> [Exercise requirements]: Somewhere below, one line contains "In plain terms, the" and a later line contains "#15596 = LINE ( 'NONE', #2252, #8260 ) ;". Output those two lines and everything between them exactly, and nothing else.

> [Dataset entries]:
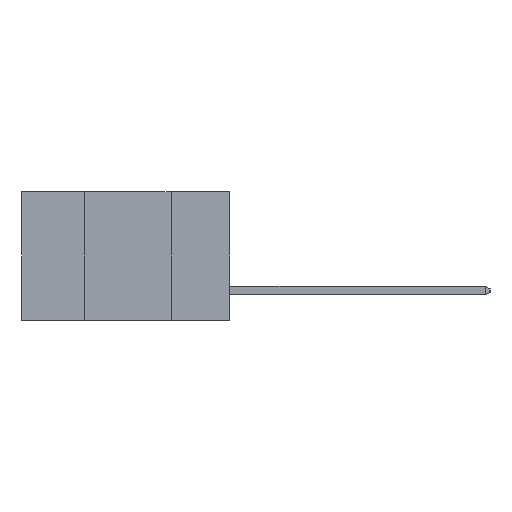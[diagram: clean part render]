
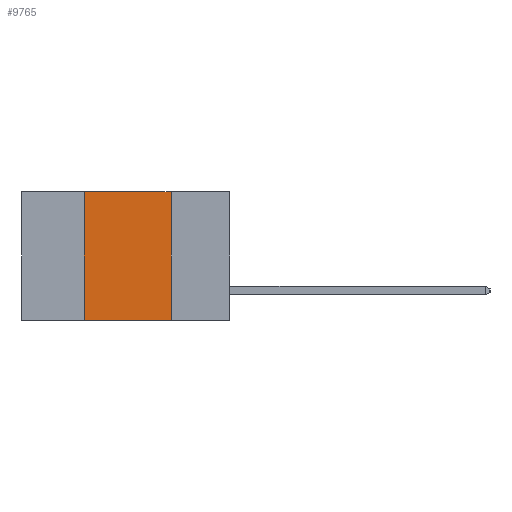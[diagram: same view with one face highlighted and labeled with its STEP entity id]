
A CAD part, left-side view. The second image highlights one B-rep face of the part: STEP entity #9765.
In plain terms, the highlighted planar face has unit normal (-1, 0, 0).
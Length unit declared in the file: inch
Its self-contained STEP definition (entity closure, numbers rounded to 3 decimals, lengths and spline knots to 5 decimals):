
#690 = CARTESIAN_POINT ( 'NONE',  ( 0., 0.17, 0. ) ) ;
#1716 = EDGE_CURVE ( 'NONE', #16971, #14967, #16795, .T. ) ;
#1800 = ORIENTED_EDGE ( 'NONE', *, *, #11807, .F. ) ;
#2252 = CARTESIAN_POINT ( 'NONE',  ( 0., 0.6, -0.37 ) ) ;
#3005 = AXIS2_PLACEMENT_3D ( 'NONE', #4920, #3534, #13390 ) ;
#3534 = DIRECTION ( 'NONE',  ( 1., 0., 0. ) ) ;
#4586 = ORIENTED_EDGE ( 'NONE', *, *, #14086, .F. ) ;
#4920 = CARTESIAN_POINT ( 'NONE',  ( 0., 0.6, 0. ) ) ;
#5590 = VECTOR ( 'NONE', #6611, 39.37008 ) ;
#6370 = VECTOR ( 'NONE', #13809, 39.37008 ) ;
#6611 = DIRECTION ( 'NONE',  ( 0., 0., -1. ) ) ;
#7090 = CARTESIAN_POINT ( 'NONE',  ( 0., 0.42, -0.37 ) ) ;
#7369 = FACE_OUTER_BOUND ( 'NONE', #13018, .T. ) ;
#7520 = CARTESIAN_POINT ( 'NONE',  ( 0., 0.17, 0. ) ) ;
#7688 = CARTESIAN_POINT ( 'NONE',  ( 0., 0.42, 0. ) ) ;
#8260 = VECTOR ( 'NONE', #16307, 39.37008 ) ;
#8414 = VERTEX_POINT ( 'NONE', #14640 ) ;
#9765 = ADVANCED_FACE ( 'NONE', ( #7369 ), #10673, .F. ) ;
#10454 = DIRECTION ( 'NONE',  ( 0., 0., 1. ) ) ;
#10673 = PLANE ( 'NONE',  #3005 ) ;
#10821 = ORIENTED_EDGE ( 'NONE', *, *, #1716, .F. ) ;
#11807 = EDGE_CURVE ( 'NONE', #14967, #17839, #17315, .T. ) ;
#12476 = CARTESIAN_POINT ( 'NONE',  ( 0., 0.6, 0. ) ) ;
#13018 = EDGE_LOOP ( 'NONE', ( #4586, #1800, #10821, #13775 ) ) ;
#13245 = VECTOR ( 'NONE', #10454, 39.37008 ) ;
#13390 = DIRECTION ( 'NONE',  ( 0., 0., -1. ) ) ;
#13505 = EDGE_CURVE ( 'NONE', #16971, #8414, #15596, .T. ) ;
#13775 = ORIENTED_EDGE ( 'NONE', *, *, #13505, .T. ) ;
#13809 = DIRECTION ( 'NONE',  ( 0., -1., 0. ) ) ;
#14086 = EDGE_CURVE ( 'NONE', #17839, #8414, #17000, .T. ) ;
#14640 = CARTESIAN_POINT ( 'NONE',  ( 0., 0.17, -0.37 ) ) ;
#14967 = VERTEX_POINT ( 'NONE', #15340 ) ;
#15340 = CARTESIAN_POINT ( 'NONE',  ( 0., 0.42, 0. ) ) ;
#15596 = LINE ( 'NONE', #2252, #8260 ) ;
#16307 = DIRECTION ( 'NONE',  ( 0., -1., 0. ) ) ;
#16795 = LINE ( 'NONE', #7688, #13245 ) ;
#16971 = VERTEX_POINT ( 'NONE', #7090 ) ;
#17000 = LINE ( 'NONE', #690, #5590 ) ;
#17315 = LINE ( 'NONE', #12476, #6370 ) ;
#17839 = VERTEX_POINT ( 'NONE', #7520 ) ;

> [Solution to the problem]:
In plain terms, the highlighted planar face has unit normal (-1, 0, 0).
Length unit declared in the file: inch
Its self-contained STEP definition (entity closure, numbers rounded to 3 decimals, lengths and spline knots to 5 decimals):
#690 = CARTESIAN_POINT ( 'NONE',  ( 0., 0.17, 0. ) ) ;
#1716 = EDGE_CURVE ( 'NONE', #16971, #14967, #16795, .T. ) ;
#1800 = ORIENTED_EDGE ( 'NONE', *, *, #11807, .F. ) ;
#2252 = CARTESIAN_POINT ( 'NONE',  ( 0., 0.6, -0.37 ) ) ;
#3005 = AXIS2_PLACEMENT_3D ( 'NONE', #4920, #3534, #13390 ) ;
#3534 = DIRECTION ( 'NONE',  ( 1., 0., 0. ) ) ;
#4586 = ORIENTED_EDGE ( 'NONE', *, *, #14086, .F. ) ;
#4920 = CARTESIAN_POINT ( 'NONE',  ( 0., 0.6, 0. ) ) ;
#5590 = VECTOR ( 'NONE', #6611, 39.37008 ) ;
#6370 = VECTOR ( 'NONE', #13809, 39.37008 ) ;
#6611 = DIRECTION ( 'NONE',  ( 0., 0., -1. ) ) ;
#7090 = CARTESIAN_POINT ( 'NONE',  ( 0., 0.42, -0.37 ) ) ;
#7369 = FACE_OUTER_BOUND ( 'NONE', #13018, .T. ) ;
#7520 = CARTESIAN_POINT ( 'NONE',  ( 0., 0.17, 0. ) ) ;
#7688 = CARTESIAN_POINT ( 'NONE',  ( 0., 0.42, 0. ) ) ;
#8260 = VECTOR ( 'NONE', #16307, 39.37008 ) ;
#8414 = VERTEX_POINT ( 'NONE', #14640 ) ;
#9765 = ADVANCED_FACE ( 'NONE', ( #7369 ), #10673, .F. ) ;
#10454 = DIRECTION ( 'NONE',  ( 0., 0., 1. ) ) ;
#10673 = PLANE ( 'NONE',  #3005 ) ;
#10821 = ORIENTED_EDGE ( 'NONE', *, *, #1716, .F. ) ;
#11807 = EDGE_CURVE ( 'NONE', #14967, #17839, #17315, .T. ) ;
#12476 = CARTESIAN_POINT ( 'NONE',  ( 0., 0.6, 0. ) ) ;
#13018 = EDGE_LOOP ( 'NONE', ( #4586, #1800, #10821, #13775 ) ) ;
#13245 = VECTOR ( 'NONE', #10454, 39.37008 ) ;
#13390 = DIRECTION ( 'NONE',  ( 0., 0., -1. ) ) ;
#13505 = EDGE_CURVE ( 'NONE', #16971, #8414, #15596, .T. ) ;
#13775 = ORIENTED_EDGE ( 'NONE', *, *, #13505, .T. ) ;
#13809 = DIRECTION ( 'NONE',  ( 0., -1., 0. ) ) ;
#14086 = EDGE_CURVE ( 'NONE', #17839, #8414, #17000, .T. ) ;
#14640 = CARTESIAN_POINT ( 'NONE',  ( 0., 0.17, -0.37 ) ) ;
#14967 = VERTEX_POINT ( 'NONE', #15340 ) ;
#15340 = CARTESIAN_POINT ( 'NONE',  ( 0., 0.42, 0. ) ) ;
#15596 = LINE ( 'NONE', #2252, #8260 ) ;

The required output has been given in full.